──────── Data to use ────────

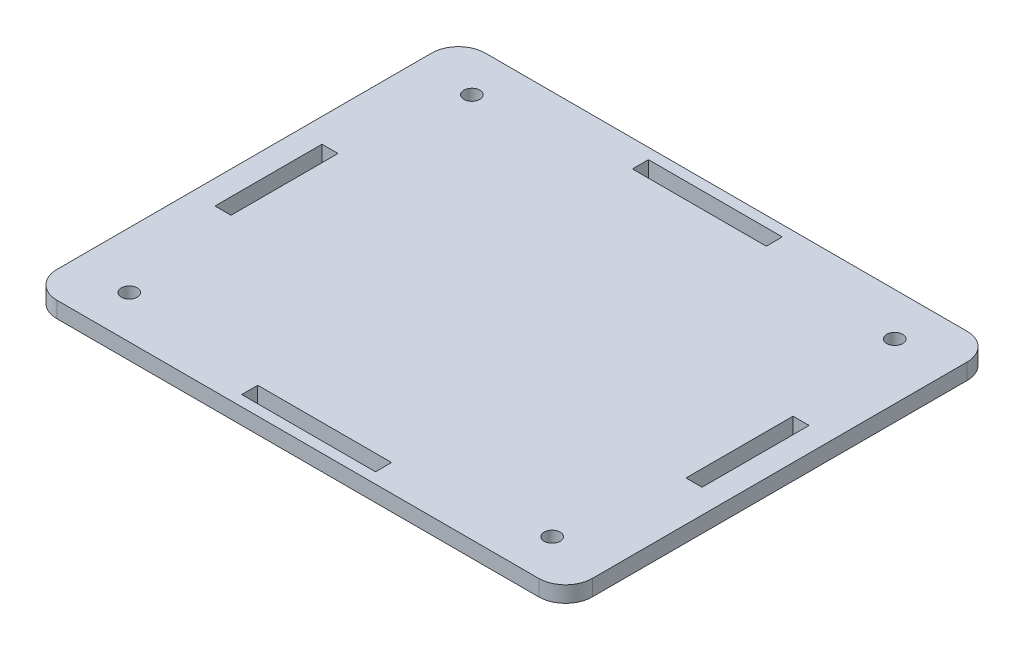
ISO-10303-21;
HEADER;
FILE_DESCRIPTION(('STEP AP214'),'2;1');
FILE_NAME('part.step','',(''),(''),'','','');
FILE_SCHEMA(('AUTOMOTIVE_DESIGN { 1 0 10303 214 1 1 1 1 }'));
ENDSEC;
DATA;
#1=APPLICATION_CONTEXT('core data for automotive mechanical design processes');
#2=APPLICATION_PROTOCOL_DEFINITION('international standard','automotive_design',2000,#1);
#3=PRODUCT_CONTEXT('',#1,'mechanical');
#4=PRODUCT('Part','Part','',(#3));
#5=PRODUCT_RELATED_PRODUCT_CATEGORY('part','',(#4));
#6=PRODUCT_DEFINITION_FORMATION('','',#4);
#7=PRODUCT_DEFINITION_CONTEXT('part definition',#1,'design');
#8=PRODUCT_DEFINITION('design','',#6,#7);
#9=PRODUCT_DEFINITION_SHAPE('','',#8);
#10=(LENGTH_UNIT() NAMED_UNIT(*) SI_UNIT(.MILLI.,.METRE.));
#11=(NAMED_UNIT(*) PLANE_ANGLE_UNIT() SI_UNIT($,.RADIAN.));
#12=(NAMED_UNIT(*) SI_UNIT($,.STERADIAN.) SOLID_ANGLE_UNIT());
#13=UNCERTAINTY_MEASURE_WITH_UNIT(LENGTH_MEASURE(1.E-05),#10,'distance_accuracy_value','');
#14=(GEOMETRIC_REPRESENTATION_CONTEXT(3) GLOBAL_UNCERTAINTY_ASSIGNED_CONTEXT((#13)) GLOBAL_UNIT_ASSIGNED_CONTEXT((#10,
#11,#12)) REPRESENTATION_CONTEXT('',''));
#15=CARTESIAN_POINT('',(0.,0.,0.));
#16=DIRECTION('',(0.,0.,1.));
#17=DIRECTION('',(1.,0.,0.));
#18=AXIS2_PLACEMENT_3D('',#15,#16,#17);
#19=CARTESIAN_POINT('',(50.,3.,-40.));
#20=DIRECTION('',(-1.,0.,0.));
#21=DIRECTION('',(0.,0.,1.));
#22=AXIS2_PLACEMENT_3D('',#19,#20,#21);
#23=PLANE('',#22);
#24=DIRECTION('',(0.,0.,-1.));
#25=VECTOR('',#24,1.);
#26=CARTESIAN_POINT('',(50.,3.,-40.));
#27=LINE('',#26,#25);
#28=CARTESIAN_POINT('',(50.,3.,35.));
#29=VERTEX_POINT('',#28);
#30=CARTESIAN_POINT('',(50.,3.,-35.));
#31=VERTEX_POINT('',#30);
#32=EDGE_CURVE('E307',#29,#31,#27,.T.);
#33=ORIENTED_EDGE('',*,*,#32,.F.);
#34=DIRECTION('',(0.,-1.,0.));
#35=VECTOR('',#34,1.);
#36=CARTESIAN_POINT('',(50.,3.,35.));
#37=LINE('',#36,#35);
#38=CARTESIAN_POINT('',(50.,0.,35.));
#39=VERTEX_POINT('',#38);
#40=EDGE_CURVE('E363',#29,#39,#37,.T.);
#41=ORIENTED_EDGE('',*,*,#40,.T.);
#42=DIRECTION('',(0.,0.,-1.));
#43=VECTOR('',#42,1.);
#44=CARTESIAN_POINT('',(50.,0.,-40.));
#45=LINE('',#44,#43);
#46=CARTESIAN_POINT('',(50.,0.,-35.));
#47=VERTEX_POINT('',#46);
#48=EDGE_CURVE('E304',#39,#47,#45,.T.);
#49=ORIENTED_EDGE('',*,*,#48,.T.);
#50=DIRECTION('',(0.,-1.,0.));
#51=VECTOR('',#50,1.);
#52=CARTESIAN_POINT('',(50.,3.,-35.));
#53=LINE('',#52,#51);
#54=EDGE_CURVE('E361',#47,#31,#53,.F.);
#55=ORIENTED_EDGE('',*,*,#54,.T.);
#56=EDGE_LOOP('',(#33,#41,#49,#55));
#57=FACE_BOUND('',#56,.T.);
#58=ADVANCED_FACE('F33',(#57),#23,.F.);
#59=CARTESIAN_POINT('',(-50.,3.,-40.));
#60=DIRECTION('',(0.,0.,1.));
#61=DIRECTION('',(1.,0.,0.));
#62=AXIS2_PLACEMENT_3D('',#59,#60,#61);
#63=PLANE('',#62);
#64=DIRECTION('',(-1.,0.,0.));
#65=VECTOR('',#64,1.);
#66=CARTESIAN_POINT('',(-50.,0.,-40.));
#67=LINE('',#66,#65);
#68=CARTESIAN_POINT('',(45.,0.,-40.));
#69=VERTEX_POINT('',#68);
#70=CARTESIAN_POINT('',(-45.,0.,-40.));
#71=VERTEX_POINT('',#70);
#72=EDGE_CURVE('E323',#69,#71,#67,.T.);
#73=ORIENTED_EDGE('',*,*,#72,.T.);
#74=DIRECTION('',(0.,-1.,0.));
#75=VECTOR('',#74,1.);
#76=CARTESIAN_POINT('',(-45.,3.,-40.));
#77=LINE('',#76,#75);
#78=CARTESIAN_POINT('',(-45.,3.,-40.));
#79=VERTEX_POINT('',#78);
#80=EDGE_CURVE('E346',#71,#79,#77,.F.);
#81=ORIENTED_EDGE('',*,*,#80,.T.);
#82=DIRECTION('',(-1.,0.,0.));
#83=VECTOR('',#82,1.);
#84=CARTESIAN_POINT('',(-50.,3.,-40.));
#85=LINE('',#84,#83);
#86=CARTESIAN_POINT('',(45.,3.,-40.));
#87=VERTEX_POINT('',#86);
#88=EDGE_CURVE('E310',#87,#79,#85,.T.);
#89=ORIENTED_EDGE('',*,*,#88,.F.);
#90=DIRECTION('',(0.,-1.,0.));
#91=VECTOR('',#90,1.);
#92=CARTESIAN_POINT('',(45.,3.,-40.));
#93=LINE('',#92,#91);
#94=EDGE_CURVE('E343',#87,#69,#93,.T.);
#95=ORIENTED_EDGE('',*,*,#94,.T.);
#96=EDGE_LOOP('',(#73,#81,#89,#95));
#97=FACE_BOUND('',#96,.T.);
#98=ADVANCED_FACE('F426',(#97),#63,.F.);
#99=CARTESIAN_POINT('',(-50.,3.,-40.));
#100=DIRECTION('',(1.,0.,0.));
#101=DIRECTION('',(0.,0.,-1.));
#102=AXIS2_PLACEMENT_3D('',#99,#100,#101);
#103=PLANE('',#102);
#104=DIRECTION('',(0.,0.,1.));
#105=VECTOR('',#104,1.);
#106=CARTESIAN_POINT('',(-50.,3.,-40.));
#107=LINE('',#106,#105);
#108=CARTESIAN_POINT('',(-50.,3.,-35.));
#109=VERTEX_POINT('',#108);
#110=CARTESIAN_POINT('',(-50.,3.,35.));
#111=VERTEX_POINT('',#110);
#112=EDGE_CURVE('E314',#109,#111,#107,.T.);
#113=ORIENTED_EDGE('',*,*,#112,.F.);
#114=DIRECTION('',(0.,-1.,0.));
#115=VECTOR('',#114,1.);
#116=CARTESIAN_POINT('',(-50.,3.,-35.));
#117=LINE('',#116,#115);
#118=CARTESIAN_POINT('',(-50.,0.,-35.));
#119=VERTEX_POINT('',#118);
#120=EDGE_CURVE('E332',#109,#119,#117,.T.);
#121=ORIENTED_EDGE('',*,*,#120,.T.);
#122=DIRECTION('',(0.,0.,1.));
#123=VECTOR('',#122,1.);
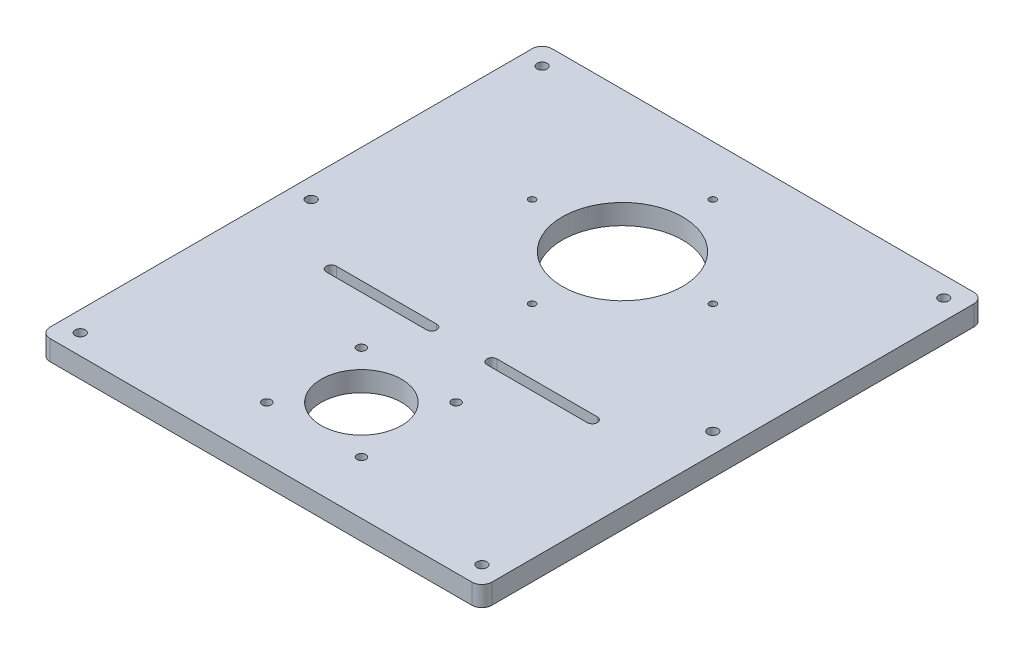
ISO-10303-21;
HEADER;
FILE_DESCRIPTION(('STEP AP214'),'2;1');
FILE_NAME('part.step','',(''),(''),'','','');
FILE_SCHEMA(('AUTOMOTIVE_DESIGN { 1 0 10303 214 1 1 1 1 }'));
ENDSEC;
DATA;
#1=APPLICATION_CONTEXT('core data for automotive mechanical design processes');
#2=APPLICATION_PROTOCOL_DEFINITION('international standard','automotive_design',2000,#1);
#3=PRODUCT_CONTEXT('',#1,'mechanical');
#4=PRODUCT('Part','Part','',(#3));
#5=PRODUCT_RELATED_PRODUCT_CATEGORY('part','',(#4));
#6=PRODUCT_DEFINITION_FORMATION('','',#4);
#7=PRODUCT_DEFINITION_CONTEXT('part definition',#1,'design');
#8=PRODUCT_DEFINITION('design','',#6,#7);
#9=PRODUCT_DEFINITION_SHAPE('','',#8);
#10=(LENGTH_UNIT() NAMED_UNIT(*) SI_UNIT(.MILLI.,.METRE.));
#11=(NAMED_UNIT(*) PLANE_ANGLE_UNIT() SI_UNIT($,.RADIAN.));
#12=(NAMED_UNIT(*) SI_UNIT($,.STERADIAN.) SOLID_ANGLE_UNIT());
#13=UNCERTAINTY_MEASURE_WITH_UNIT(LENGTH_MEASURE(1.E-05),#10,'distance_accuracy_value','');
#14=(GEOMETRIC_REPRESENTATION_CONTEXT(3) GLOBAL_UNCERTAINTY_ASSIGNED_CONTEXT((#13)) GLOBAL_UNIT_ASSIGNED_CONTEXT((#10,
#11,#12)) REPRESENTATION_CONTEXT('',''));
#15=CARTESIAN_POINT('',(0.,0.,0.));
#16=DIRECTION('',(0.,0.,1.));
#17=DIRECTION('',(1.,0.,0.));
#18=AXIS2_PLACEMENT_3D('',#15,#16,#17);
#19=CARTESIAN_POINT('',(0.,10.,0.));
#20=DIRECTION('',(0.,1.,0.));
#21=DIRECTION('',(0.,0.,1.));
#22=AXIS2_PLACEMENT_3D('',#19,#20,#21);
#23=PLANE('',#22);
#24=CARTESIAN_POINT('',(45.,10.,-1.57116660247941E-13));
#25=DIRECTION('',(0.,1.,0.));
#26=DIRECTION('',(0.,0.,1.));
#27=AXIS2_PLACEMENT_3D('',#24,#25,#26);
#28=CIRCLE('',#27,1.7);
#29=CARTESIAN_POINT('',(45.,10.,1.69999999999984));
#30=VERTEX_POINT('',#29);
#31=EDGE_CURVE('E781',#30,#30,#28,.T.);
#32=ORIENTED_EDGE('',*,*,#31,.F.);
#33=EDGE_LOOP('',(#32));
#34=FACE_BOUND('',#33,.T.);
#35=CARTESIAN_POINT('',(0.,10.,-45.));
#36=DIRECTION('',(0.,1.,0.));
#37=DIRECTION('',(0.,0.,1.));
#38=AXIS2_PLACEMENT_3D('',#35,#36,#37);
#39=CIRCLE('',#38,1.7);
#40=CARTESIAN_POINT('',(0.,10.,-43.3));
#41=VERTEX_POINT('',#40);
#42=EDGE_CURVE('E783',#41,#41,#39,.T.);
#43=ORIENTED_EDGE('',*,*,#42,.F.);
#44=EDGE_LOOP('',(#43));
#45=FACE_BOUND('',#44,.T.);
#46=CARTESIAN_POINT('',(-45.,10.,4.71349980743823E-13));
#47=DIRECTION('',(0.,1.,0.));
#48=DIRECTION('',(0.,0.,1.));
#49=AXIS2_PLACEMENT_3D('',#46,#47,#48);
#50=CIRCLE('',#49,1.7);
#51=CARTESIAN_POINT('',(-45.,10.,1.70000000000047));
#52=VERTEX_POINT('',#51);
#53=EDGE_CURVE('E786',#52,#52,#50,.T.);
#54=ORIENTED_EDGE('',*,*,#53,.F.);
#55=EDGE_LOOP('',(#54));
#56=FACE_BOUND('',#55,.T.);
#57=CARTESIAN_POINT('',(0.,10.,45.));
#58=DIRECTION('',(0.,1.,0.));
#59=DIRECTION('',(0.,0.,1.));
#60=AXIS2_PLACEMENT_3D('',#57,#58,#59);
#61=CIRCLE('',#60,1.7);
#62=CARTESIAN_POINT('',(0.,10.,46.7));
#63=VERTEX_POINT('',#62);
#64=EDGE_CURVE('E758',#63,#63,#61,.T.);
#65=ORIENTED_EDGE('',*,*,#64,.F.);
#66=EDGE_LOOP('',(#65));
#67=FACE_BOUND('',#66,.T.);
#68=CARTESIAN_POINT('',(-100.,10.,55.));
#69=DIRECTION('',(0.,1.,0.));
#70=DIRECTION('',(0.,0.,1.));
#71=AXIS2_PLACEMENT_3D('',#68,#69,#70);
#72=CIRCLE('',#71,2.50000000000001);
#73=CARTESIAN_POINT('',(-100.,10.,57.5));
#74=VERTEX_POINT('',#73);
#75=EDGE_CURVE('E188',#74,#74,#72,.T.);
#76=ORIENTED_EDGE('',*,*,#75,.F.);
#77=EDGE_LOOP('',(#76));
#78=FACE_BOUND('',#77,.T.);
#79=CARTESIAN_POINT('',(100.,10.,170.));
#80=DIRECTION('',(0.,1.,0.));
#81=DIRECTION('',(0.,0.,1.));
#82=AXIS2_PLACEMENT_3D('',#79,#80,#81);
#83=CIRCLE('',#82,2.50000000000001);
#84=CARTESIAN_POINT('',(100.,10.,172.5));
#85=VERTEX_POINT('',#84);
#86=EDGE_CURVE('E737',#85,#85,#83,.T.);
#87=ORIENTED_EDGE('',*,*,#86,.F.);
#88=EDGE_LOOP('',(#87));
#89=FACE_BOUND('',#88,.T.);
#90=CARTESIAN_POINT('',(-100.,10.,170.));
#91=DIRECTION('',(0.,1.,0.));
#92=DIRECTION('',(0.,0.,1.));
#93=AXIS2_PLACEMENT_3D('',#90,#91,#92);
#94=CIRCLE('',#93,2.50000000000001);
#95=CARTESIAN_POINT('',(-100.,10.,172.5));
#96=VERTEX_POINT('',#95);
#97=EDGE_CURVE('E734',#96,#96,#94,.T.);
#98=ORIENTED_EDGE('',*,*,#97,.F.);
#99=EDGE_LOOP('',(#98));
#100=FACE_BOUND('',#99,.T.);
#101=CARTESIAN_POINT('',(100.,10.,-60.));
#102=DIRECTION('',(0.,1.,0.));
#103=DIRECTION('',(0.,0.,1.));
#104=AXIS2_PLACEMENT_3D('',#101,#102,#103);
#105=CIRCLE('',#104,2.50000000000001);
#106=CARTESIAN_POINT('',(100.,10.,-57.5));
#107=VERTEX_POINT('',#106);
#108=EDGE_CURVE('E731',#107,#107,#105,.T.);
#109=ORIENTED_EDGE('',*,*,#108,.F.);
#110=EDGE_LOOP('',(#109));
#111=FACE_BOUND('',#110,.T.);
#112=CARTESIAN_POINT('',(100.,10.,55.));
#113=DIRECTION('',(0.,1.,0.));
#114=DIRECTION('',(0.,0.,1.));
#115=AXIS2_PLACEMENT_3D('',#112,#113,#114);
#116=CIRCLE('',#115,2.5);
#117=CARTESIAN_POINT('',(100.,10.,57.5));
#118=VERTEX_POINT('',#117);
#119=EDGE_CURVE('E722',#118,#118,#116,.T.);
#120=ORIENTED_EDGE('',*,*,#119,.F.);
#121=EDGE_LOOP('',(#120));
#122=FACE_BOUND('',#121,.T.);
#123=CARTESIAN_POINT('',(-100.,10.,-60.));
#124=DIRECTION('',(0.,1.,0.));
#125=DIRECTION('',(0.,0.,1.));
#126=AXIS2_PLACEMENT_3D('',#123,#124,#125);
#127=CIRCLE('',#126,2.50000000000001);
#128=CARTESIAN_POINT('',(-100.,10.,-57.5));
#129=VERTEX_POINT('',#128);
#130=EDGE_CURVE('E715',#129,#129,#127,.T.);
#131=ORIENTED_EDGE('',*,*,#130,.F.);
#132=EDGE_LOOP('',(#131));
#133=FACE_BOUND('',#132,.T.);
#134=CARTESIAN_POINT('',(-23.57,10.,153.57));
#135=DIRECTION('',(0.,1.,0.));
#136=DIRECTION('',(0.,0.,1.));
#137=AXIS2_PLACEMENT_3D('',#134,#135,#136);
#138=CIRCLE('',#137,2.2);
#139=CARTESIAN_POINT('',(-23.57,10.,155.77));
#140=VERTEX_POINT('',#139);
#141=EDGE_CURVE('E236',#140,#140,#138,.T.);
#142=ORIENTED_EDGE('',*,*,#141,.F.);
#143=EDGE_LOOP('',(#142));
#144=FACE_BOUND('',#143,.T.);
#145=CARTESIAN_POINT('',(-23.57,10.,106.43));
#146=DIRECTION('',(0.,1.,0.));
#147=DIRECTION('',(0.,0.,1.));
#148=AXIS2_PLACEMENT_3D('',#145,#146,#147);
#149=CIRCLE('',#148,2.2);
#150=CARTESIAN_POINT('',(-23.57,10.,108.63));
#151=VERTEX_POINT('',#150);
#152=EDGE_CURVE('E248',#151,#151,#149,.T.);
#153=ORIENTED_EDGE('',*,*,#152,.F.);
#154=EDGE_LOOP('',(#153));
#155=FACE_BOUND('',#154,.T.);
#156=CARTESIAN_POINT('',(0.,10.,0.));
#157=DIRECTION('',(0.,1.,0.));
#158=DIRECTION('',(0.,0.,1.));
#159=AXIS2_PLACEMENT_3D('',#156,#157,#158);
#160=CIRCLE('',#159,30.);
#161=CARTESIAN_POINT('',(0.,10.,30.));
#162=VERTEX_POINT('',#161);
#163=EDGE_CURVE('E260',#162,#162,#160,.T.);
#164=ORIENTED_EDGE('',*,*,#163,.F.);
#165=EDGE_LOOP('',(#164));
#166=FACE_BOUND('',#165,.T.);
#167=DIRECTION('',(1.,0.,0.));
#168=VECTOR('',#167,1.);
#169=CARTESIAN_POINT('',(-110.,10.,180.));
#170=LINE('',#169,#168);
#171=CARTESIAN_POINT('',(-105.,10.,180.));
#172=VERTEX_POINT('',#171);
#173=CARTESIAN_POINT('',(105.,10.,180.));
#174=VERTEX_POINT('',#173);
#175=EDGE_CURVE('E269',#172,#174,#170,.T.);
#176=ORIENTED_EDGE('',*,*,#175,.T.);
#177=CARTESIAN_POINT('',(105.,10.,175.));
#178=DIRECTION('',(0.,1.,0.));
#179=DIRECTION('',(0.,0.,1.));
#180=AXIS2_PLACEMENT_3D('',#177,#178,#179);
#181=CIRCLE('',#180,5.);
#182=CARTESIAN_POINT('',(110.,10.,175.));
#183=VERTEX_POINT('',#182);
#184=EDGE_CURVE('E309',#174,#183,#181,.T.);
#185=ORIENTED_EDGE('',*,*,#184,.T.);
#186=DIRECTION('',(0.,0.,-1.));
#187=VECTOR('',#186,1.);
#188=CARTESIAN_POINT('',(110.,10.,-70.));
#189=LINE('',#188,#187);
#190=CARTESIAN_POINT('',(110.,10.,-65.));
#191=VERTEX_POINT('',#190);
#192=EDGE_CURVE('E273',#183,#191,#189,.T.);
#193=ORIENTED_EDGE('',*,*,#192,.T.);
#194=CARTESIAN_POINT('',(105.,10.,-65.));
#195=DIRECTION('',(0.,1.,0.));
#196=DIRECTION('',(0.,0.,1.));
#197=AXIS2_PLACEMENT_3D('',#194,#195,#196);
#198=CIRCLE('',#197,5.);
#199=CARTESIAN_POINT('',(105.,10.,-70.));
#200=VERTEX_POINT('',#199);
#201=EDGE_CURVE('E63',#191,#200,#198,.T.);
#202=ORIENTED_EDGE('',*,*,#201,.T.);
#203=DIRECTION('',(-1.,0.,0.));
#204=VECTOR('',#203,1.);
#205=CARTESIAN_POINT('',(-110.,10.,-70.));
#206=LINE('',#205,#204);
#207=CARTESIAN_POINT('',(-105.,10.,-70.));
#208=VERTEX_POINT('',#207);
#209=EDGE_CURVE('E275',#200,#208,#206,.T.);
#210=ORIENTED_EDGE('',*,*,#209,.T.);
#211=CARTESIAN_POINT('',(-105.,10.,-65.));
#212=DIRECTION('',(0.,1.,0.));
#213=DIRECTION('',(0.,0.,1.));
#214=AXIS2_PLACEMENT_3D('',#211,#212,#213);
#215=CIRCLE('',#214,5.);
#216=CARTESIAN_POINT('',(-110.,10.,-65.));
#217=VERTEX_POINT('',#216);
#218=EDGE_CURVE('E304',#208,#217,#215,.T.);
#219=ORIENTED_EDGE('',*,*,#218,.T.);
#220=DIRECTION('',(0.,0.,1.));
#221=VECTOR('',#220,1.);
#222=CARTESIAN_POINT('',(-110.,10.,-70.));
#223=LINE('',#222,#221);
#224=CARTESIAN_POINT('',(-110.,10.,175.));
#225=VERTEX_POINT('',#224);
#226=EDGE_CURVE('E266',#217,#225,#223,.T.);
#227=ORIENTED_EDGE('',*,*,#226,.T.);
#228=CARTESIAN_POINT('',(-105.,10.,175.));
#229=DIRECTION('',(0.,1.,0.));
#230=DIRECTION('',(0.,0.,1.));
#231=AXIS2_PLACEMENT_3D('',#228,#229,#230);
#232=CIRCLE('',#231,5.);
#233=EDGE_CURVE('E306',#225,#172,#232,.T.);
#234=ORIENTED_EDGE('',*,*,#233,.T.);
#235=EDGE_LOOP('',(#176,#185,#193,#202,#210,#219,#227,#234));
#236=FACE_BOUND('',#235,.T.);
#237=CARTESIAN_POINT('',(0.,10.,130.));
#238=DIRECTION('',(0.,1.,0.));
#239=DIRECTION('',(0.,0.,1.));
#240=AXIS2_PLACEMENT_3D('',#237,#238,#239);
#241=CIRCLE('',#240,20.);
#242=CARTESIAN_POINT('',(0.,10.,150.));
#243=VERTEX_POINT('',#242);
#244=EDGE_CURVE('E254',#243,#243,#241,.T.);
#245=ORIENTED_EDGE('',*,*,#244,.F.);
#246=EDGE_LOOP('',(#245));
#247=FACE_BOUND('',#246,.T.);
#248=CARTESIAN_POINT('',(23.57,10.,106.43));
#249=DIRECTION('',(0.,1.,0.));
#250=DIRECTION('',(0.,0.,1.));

────────

What to produce
In the records above, the line with "#226=EDGE_CURVE('E266',#217,#225,#223,.T.);" marks the start and the line with "#231=AXIS2_PLACEMENT_3D('',#228,#229,#230);" marks the end; copy that stretch exactly, both lines included, and nothing else.

Reply to the task
#226=EDGE_CURVE('E266',#217,#225,#223,.T.);
#227=ORIENTED_EDGE('',*,*,#226,.T.);
#228=CARTESIAN_POINT('',(-105.,10.,175.));
#229=DIRECTION('',(0.,1.,0.));
#230=DIRECTION('',(0.,0.,1.));
#231=AXIS2_PLACEMENT_3D('',#228,#229,#230);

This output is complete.